Riproposta nella cornice del Palio delle Contrade di fine agosto, questa antica corsa propiziatoria in vista della vendemmia è uno sprint tra le squadre di portatori dei pesanti bigonzi, voluminose ceste utilizzate per raccogliere l'uva.


  RITORNO ALLE ORIGINI Il bigonzo è un contenitore di legno stretto e alto, di forma tronco-conica. Questo suo essere allungato permette di caricarlo in spalla mentre si passa tra i filari mettendovi i grappoli raccolti, si trasferisce il mosto qui contenuto nelle botti oppure, come nella città a pochi km da Roma, si corre.
Proprio come il termine bigonzo trae origine dal latino bis (due volte) congius (antica unità di misura dei liquidi), queste sfide risalgono ai celeberrimi Baccanali dell'età classica, feste romane propiziatorie di fine agosto dedicate al Dio del vino Bacco.
La Corsa del Bigonzo, forse, era un modo per augurarsi una resa della futura vendemmia tanto alta da dover fare una forsennata spola tra campi e cantine per rimanere al passo di questa ipotetica abbondanza.
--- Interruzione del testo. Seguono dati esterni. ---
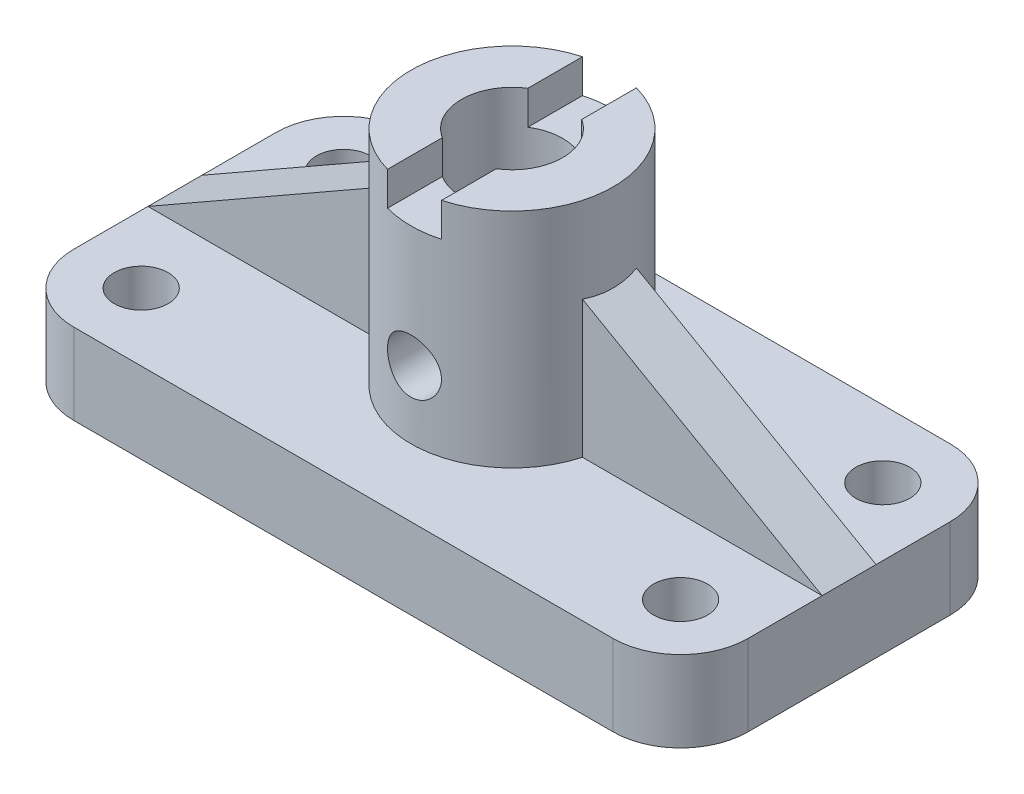
SolidWorks part; units mm, degrees
ref_plane "前视基准面" through (0, 0, 0) normal (0, 0, 1) x (1, 0, 0)
ref_plane "上视基准面" through (0, 0, 0) normal (0, 1, 0) x (1, 0, 0)
ref_plane "右视基准面" through (0, 0, 0) normal (1, 0, 0) x (0, 0, -1)
other "Configuration Table"
sketch "草图1" plane through (0, 0, 0) normal (0, 1, 0) x (1, 0, 0)
  line L5 (-40, -25) -> (40, -25)
  line L6 (-50, -15) -> (-50, 15)
  line L7 (-40, 25) -> (40, 25)
  line L8 (50, -15) -> (50, 15)
  line L9 (-50, -25) -> (50, 25) construction
  line L10 (-50, 25) -> (50, -25) construction
  arc A0 (40, -25) -> (50, -15) centre (40, -15) ccw
  arc A1 (-50, 15) -> (-40, 25) centre (-40, 15) cw
  arc A2 (-40, -25) -> (-50, -15) centre (-40, -15) cw
  arc A3 (40, 25) -> (50, 15) centre (40, 15) cw
  circle A4 centre (-40, 15) radius 4
  circle A5 centre (-40, -15) radius 4
  circle A6 centre (40, 15) radius 4
  circle A8 centre (40, -15) radius 4
  point P0 (0, 0)
  dimension "D3" = 10
  dimension "D4" = 8
  dimension "D1" = 100
  dimension "D2" = 50
extrude "凸台-拉伸2" add sketch "草图1" along normal blind 12
sketch "草图4" plane through (0, 12, 0) normal (0, 1, 0) x (1, 0, 0)
  circle A1 centre (0, 0) radius 15
  circle A2 centre (0, 0) radius 7.5
  dimension "D1" = 30
  dimension "D2" = 15
extrude "凸台-拉伸3" add sketch "草图4" along normal blind 33
ref_plane "基准面1" through (0, 0, 25) normal (0, 0, 1) x (1, 0, 0)
sketch "草图5" plane through (0, 0, 25) normal (0, 0, 1) x (1, 0, 0)
  line L0 (0, 12) -> (0, 22) construction
  line L1 (-40, 12) -> (40, 12) construction
  circle A0 centre (0, 22) radius 4
  dimension "D2" = 8
  dimension "D1" = 10
extrude "切除-拉伸12" cut sketch "草图5" against normal through all both and the other way through all
sketch "草图10" plane through (0, 0, 0) normal (0, 0, 1) x (1, 0, 0)
  line L0 (-50, 12) -> (-15, 32)
  line L1 (-15, 45) -> (-15, 12) construction
  dimension "D1" = 20
rib "筋9" sketch "草图10" sketch "草图10" thickness 8 extrusion direction parallel to sketch draft on no parameters "D1"=8
sketch "草图13" plane through (0, 0, 25) normal (0, 0, 1) x (1, 0, 0)
  line L2 (7.5, 45) -> (-7.5, 45) construction
  line L4 (0, 40) -> (4, 40)
  line L5 (0, 40) -> (-4, 40)
  line L6 (4, 40) -> (4, 45)
  line L7 (4, 45) -> (0, 45)
  line L8 (0, 45) -> (-4, 45)
  line L9 (-4, 45) -> (-4, 40)
  dimension "D1" = 5
  dimension "D2" = 4
extrude "切除-拉伸14" cut sketch "草图13" against normal through all both and the other way through all
sketch "草图14" plane through (0, 0, 0) normal (0, 1, 0) x (1, 0, 0)
  circle A0 centre (0, 0) radius 7.5
extrude "切除-拉伸15" cut sketch "草图14" along normal through all both and the other way through all
mirror "镜向1" about plane through (0, 0, 0) normal (1, 0, 0) of "筋9"
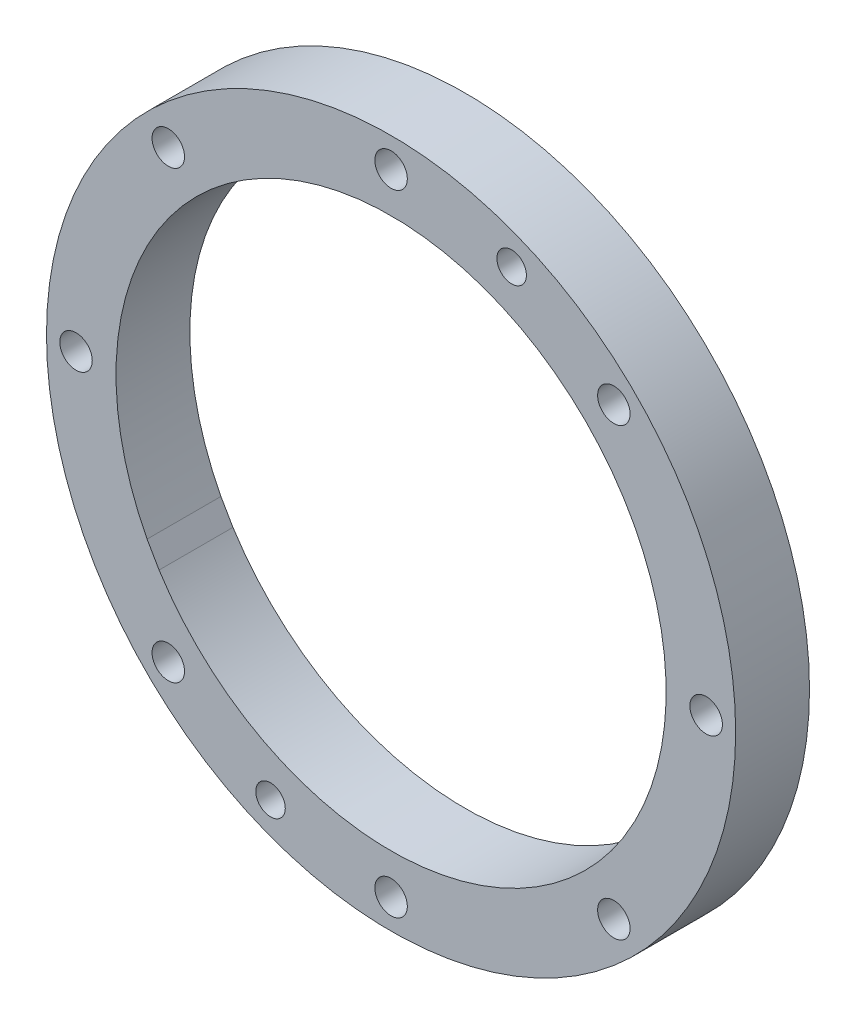
SolidWorks part; units mm, degrees
material "1.7225 (42CrMo4)"
ref_plane "Front Plane" through (0, 0, 0) normal (0, 0, 1) x (1, 0, 0)
ref_plane "Top Plane" through (0, 0, 0) normal (0, 1, 0) x (1, 0, 0)
ref_plane "Right Plane" through (0, 0, 0) normal (1, 0, 0) x (0, 0, -1)
sketch "Sketch1" plane through (0, 0, 0) normal (0, 0, 1) x (1, 0, 0)
  line L0 (2.4372, 55.8218) -> (-2.4372, 55.8218)
  line L1 (-49.5617, -25.8002) -> (-47.1245, -30.0216)
  line L2 (47.1245, -30.0216) -> (49.5617, -25.8002)
  circle A0 centre (0, 0) radius 70
  arc A1 (-2.4372, 55.8218) -> (-49.5617, -25.8002) centre (0, 0) ccw
  arc A2 (-47.1245, -30.0216) -> (47.1245, -30.0216) centre (0, 0) ccw
  arc A3 (49.5617, -25.8002) -> (2.4372, 55.8218) centre (0, 0) ccw
  circle A4 centre (64, 0) radius 3.3
  circle A5 centre (45.2548, 45.2548) radius 3.3
  circle A6 centre (0, 64) radius 3.3
  circle A7 centre (-45.2548, 45.2548) radius 3.3
  circle A8 centre (-64, 0) radius 3.3
  circle A9 centre (-45.2548, -45.2548) radius 3.3
  circle A10 centre (0, -64) radius 3.3
  circle A11 centre (45.2548, -45.2548) radius 3.3
  circle A12 centre (24.4917, 59.1283) radius 3
  circle A13 centre (-24.4917, -59.1283) radius 3
extrude "Boss-Extrude1" add sketch "Sketch1" along normal mid plane 15
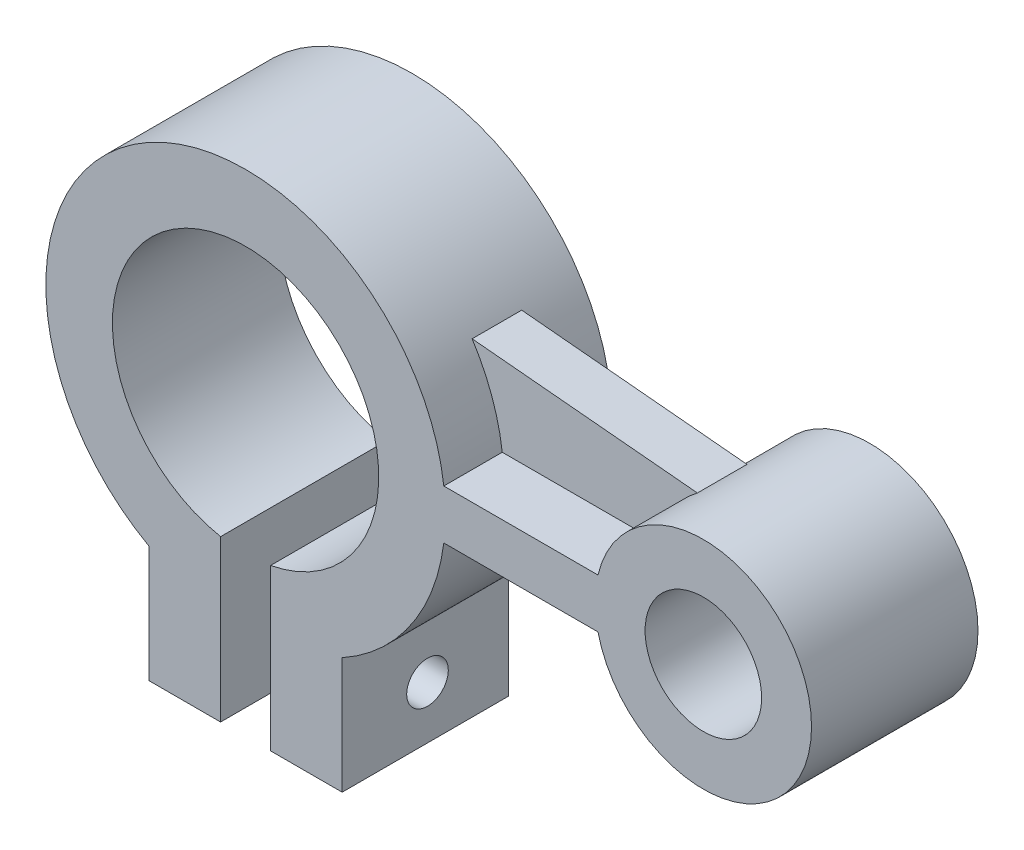
SolidWorks part; units mm, degrees
ref_plane "Front Plane" through (0, 0, 0) normal (0, 0, 1) x (1, 0, 0)
ref_plane "Top Plane" through (0, 0, 0) normal (0, 1, 0) x (1, 0, 0)
ref_plane "Right Plane" through (0, 0, 0) normal (1, 0, 0) x (0, 0, -1)
sketch "Sketch1" plane through (0, 0, 0) normal (0, 0, 1) x (1, 0, 0)
  line L0 (-49.8442, 0) -> (52.7158, 0) construction
  line L1 (-49.8442, 0) -> (-49.8442, -106.9101) construction
  line L2 (-49.8442, -40.64) -> (-42.2178, -39.918)
  line L3 (-57.4705, -88.92) -> (-79.3201, -88.92)
  line L4 (-42.2178, -39.918) -> (-42.2178, -88.92)
  line L6 (-20.3683, -53.36) -> (-20.3683, -88.92)
  line L7 (-20.3683, -88.92) -> (-42.2178, -88.92)
  line L10 (-49.8442, -40.64) -> (-57.4705, -39.918)
  line L11 (-57.4705, -39.918) -> (-57.4705, -88.92)
  line L12 (-79.3201, -53.36) -> (-79.3201, -88.92)
  line L14 (57.7043, 7.5235) -> (10.6498, 7.5235)
  line L17 (57.7043, -7.5235) -> (10.6498, -7.5235)
  circle A0 centre (-49.8442, 0) radius 40.64
  arc A1 (-20.3683, -53.36) -> (10.6498, -7.5235) centre (-49.8442, 0) ccw
  circle A2 centre (89.8558, 0) radius 17.78
  arc A3 (57.7043, -7.5235) -> (57.7043, 7.5235) centre (89.8558, 0) ccw
  arc A4 (10.6498, 7.5235) -> (-79.3201, -53.36) centre (-49.8442, 0) ccw
  dimension "D1" = 81.28
  dimension "D2" = 121.92
  dimension "D4" = 35.56
  dimension "D5" = 66.04
  dimension "D3" = 139.7
  dimension "D6" = 35.56
extrude "Boss-Extrude2" add sketch "Sketch1" along normal blind 50.8 contours L14 A4 L12 L3 L11 A0 L4 L7 L6 A1 L17 A3 A2
sketch "Sketch2" plane through (0, 7.5235, 0) normal (0, 1, 0) x (1, 0, 0)
  line L0 (10.6498, -25.4) -> (57.7043, -25.4) construction
  line L2 (10.6498, -50.8) -> (10.6498, 0) construction
  line L3 (57.7043, -50.8) -> (57.7043, 0) construction
  line L4 (57.7043, -25.4) -> (70.2103, -25.4) construction
  line L5 (9.7532, -25.4) -> (-13.8059, -25.4) construction
  line L6 (-3.6523, -32.9621) -> (-3.6523, -17.8379)
  line L7 (-3.6523, -17.8379) -> (70.2103, -17.8379)
  line L8 (70.2103, -17.8379) -> (70.2103, -32.9621)
  line L9 (-3.6523, -32.9621) -> (70.2103, -32.9621)
  point P9 (-3.6523, -25.4)
  point P14 (-3.6523, -25.4)
  point P15 (65.1843, -25.4)
  point P16 (0, 0)
  point P17 (0, 0)
  point P18 (74.9964, -25.4)
  point P19 (70.2103, -25.4)
extrude "Boss-Extrude3" add sketch "Sketch2" along normal mid plane 50.8
sketch "Sketch3" plane through (0, 0, 32.9621) normal (0, 0, 1) x (1, 0, 0)
  line L0 (70.2103, 26.5401) -> (1.4605, 32.9235)
  line L1 (1.4605, 32.9235) -> (70.2103, 32.9235)
  line L2 (70.2103, 32.9235) -> (70.2103, 26.5401)
extrude "Cut-Extrude1" cut sketch "Sketch3" against normal blind 50.8
sketch "Sketch4" plane through (-20.3683, 0, 0) normal (1, 0, 0) x (0, 0, -1)
  circle A0 centre (-24.7622, -72.8666) radius 6.35
  dimension "D1" = 12.7
extrude "Cut-Extrude2" cut sketch "Sketch4" against normal blind 63.5
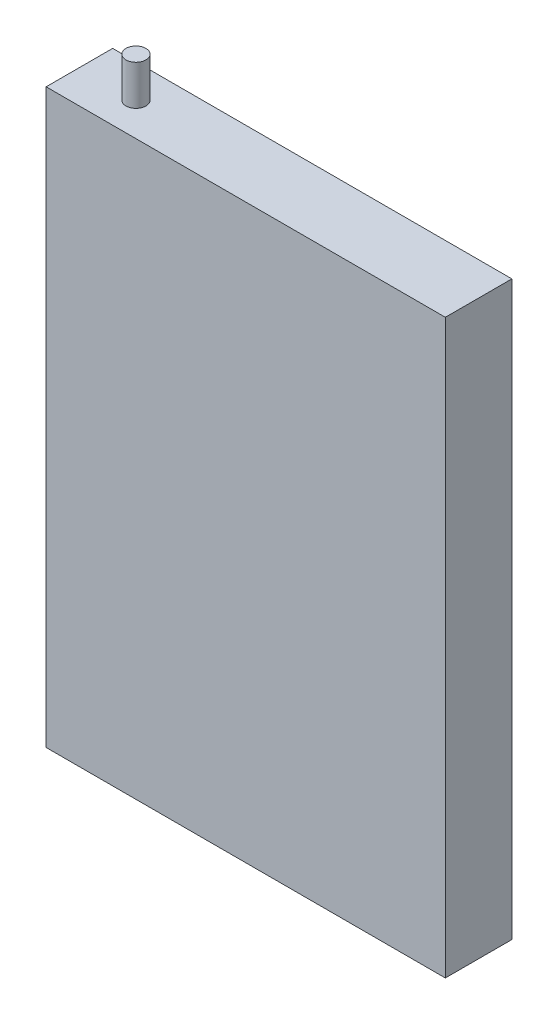
SolidWorks part; units mm, degrees
ref_plane "Front Plane" through (0, 0, 0) normal (0, 0, 1) x (1, 0, 0)
ref_plane "Top Plane" through (0, 0, 0) normal (0, 1, 0) x (1, 0, 0)
ref_plane "Right Plane" through (0, 0, 0) normal (1, 0, 0) x (0, 0, -1)
sketch "Sketch1" plane through (0, 0, 0) normal (0, 0, 1) x (1, 0, 0)
  line L1 (0, 0) -> (60, 0)
  line L2 (0, 0) -> (0, -86)
  line L3 (0, -86) -> (60, -86)
  line L4 (60, 0) -> (60, -86)
  dimension "D1" = 86
  dimension "D2" = 60
extrude "Boss-Extrude1" add sketch "Sketch1" along normal blind 10
sketch "Sketch2" plane through (0, 0, 0) normal (0, 1, 0) x (1, 0, 0)
  line L0 (0, -5) -> (60, -5) construction
  line L1 (0, -10) -> (0, 0) construction
  line L2 (60, -10) -> (60, 0) construction
  circle A0 centre (8.5, -5) radius 1.5
  dimension "D1" = 3
  dimension "D2" = 8.5
extrude "Boss-Extrude2" add sketch "Sketch2" along normal blind 6
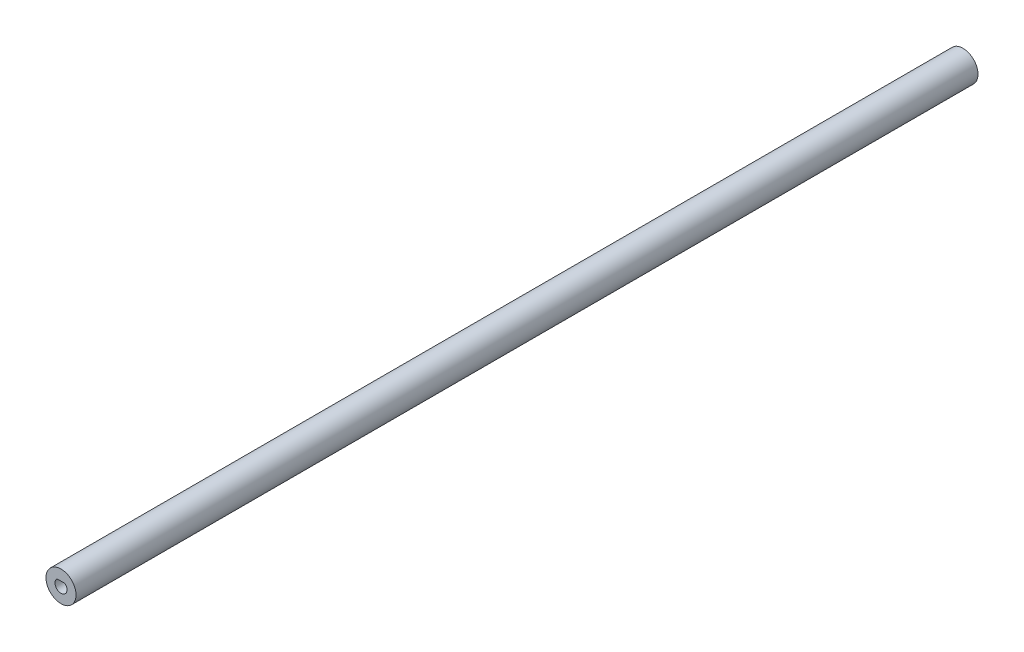
SolidWorks part; units mm, degrees
ref_plane "Front Plane" through (0, 0, 0) normal (0, 0, 1) x (1, 0, 0)
ref_plane "Top Plane" through (0, 0, 0) normal (0, 1, 0) x (1, 0, 0)
ref_plane "Right Plane" through (0, 0, 0) normal (1, 0, 0) x (0, 0, -1)
sketch "Sketch1" plane through (0, 0, 0) normal (0, 0, 1) x (1, 0, 0)
  circle A0 centre (-21.9281, 1.412) radius 5
  dimension "D1" = 10
extrude "Boss-Extrude1" add sketch "Sketch1" along normal blind 300
sketch "Sketch3" plane through (0, 0, 300) normal (0, 0, 1) x (1, 0, 0)
  line L0 (-21.9281, 6.412) -> (-21.9281, -3.588) construction
  line L1 (-26.9281, 1.412) -> (-16.9281, 1.412) construction
  line L3 (-23.251, 2.912) -> (-20.6053, 2.912)
  circle A0 centre (-21.9281, 1.412) radius 5 construction
  arc A1 (-23.251, 2.912) -> (-20.6053, 2.912) centre (-21.9281, 1.412) ccw
  point P8 (0, 0)
  point P9 (-21.9281, 2.912)
  point P10 (0, 0)
  dimension "D1" = 4
  dimension "D2" = 1.5
extrude "Cut-Extrude2" cut sketch "Sketch3" against normal blind 8

Comunque sia, questa tradizione millenaria venne ripresa dal presidente della pro Loco di Canale Monterano Fulvio Evangelista che, dal 1968, ha ricreato la Corsa nella veste di un Palio.
Nelle sue varie edizioni, i bigonzi sono stati "zavorrati" in diversi modi. L'iniziale sabbia presente nel contenitore venne scalzata dal posizionarsi di un giovane e coraggioso contradaiolo che, dal 2001, fu sostituito nuovamente dalla sabbia, questa volta trattenuta da un strato di finti grappoli d'uva. In un'unione tra antico utilizzo e originaria versione del Palio.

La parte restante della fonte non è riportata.